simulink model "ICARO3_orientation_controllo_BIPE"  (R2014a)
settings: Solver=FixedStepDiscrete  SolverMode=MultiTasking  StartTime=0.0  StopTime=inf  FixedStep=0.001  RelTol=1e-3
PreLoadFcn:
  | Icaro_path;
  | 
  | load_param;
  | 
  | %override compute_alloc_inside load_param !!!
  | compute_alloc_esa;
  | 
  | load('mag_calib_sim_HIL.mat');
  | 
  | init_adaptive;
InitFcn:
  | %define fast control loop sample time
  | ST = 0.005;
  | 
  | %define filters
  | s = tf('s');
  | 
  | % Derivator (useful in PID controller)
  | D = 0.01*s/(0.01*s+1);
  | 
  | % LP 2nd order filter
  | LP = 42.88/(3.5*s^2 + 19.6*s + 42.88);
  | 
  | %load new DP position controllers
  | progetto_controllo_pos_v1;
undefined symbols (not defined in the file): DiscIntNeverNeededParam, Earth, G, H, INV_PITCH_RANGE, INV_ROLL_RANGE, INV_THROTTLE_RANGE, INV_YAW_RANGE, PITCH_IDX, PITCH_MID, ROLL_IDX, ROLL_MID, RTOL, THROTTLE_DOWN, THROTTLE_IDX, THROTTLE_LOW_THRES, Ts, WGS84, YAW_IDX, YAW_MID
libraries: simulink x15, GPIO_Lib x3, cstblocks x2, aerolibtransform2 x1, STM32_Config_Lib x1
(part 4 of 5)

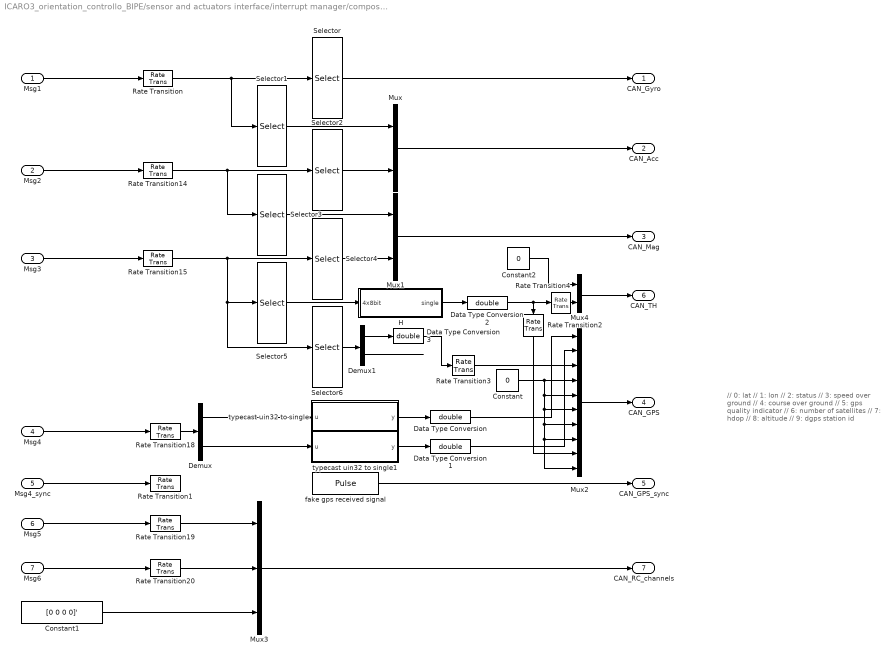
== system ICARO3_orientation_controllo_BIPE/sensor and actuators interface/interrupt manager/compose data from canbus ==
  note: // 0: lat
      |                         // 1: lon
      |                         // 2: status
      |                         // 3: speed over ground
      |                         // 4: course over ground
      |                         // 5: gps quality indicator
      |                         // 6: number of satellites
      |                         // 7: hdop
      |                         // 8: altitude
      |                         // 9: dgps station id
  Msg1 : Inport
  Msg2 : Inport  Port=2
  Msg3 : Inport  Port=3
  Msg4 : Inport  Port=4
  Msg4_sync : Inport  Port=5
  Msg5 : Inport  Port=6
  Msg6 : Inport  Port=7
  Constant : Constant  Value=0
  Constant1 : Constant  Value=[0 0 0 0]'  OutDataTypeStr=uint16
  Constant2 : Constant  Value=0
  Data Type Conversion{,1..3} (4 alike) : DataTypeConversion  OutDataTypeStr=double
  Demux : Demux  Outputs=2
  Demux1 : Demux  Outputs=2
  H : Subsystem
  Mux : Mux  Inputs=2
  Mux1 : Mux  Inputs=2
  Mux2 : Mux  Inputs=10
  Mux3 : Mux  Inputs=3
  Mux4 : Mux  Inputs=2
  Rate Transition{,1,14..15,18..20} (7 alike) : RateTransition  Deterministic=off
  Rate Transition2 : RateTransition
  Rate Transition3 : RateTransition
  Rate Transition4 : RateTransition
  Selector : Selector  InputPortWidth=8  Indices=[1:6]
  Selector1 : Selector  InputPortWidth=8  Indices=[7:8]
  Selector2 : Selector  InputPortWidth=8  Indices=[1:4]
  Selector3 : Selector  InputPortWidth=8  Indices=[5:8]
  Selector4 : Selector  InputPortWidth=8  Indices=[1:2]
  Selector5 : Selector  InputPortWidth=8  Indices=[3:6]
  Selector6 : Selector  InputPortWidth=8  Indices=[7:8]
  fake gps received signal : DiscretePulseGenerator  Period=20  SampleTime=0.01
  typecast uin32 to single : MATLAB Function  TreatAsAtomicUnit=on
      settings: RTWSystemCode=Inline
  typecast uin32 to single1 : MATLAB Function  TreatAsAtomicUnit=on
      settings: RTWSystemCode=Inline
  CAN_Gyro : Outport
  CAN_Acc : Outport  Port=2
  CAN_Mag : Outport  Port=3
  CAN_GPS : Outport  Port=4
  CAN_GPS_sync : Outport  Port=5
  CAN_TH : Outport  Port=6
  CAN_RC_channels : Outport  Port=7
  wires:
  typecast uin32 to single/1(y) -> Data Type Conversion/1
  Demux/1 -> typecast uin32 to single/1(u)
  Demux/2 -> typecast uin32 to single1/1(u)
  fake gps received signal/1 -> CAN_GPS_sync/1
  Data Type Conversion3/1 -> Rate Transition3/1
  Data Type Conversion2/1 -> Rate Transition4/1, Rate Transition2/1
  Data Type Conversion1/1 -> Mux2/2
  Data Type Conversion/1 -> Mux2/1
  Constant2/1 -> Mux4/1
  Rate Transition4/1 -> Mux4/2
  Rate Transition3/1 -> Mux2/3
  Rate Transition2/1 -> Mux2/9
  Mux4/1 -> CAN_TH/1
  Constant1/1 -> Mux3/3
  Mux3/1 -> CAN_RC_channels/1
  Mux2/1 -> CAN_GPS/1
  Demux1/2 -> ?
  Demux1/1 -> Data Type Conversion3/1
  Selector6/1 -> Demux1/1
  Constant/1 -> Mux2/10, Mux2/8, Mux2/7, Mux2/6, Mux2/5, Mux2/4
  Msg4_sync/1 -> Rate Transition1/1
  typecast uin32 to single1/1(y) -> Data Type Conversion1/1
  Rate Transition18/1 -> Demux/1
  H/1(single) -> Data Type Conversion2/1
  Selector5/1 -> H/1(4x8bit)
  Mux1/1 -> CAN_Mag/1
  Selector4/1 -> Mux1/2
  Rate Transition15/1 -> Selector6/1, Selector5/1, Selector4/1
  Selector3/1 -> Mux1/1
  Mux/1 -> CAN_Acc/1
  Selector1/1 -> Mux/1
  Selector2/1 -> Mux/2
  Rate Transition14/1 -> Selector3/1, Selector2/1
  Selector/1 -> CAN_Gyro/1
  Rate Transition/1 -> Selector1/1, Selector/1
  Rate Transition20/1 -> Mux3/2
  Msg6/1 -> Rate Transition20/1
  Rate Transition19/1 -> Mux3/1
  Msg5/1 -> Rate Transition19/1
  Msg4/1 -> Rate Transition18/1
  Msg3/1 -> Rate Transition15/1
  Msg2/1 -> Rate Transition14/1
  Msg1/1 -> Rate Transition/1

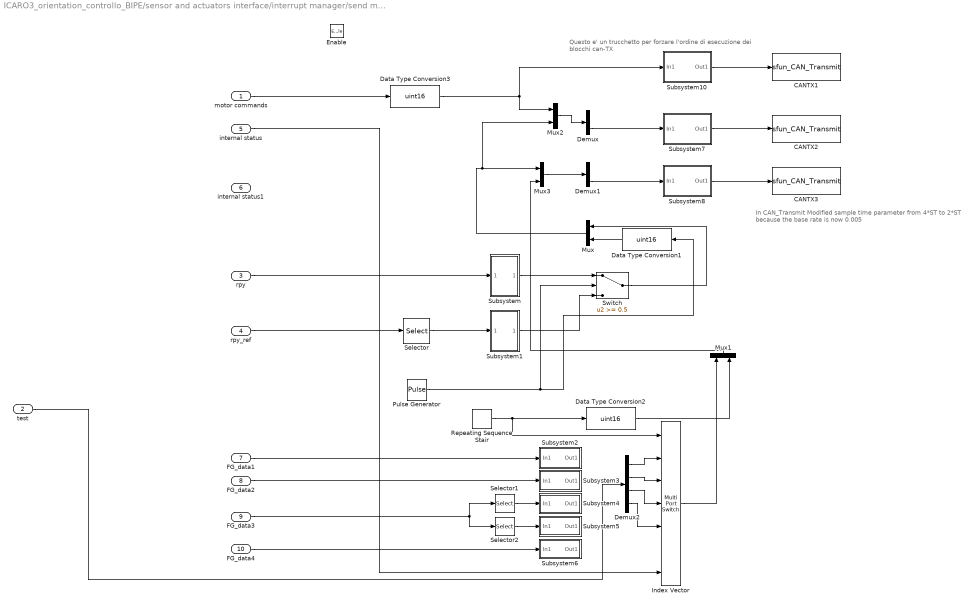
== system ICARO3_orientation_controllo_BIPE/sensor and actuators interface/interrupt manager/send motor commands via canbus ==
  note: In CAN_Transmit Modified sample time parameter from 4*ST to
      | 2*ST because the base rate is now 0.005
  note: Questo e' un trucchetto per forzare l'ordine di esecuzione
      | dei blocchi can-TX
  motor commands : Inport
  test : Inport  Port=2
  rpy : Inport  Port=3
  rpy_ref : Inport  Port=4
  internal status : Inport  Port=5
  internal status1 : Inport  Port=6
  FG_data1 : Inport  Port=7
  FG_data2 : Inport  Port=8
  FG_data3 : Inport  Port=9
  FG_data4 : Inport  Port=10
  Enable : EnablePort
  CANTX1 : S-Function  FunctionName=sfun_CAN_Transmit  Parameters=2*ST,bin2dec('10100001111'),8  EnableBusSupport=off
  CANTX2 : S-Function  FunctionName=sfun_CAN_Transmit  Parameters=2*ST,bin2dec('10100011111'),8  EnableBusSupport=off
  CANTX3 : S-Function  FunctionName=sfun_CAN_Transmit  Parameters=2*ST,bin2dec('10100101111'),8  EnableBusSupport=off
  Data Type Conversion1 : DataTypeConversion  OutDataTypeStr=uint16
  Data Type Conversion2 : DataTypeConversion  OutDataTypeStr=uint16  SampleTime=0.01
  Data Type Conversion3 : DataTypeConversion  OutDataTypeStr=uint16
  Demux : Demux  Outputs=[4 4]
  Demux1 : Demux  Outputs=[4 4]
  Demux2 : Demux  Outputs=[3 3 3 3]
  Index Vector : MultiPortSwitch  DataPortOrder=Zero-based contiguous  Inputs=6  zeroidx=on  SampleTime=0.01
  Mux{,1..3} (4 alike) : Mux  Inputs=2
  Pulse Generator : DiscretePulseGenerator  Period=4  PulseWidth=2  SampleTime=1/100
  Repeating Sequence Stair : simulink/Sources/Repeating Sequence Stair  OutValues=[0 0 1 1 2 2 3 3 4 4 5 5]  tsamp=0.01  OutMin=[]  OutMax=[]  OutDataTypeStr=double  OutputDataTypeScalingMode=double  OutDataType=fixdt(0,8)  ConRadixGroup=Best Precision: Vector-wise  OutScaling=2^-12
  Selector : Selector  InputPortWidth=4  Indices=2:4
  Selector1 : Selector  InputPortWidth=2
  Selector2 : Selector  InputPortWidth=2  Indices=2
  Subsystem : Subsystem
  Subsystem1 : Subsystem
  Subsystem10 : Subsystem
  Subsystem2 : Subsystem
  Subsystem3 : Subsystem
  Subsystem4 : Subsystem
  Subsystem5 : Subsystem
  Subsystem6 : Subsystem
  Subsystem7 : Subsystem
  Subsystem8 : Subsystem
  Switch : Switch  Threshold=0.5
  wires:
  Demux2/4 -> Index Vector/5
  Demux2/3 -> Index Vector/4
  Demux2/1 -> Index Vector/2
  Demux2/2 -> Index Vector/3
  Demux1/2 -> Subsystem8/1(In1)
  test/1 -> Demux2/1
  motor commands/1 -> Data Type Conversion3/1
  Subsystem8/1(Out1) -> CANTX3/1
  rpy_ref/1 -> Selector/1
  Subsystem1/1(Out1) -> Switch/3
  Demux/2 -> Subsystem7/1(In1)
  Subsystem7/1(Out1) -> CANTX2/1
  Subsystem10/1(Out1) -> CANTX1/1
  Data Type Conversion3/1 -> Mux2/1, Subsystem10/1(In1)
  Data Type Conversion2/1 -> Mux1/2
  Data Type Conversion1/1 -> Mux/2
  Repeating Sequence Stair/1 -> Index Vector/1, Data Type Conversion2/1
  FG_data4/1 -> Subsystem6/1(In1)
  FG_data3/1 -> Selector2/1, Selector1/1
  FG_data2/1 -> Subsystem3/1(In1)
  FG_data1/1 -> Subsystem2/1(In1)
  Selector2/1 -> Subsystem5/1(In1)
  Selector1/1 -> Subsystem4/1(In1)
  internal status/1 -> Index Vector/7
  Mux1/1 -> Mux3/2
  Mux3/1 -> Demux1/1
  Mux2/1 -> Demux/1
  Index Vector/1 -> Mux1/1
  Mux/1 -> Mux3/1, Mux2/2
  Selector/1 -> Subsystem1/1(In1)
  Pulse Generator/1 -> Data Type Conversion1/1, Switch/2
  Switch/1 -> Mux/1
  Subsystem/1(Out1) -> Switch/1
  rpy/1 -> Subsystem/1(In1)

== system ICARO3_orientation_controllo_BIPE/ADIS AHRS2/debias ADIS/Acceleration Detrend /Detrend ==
- - - - - - -
• Task details
Word for word, restate the lines of the listing above starting at the line with "H : Subsystem" and ending at the line with "Selector5 : Selector", and nothing outside them.

• Final answer
  H : Subsystem
  Mux : Mux  Inputs=2
  Mux1 : Mux  Inputs=2
  Mux2 : Mux  Inputs=10
  Mux3 : Mux  Inputs=3
  Mux4 : Mux  Inputs=2
  Rate Transition{,1,14..15,18..20} (7 alike) : RateTransition  Deterministic=off
  Rate Transition2 : RateTransition
  Rate Transition3 : RateTransition
  Rate Transition4 : RateTransition
  Selector : Selector  InputPortWidth=8  Indices=[1:6]
  Selector1 : Selector  InputPortWidth=8  Indices=[7:8]
  Selector2 : Selector  InputPortWidth=8  Indices=[1:4]
  Selector3 : Selector  InputPortWidth=8  Indices=[5:8]
  Selector4 : Selector  InputPortWidth=8  Indices=[1:2]
  Selector5 : Selector  InputPortWidth=8  Indices=[3:6]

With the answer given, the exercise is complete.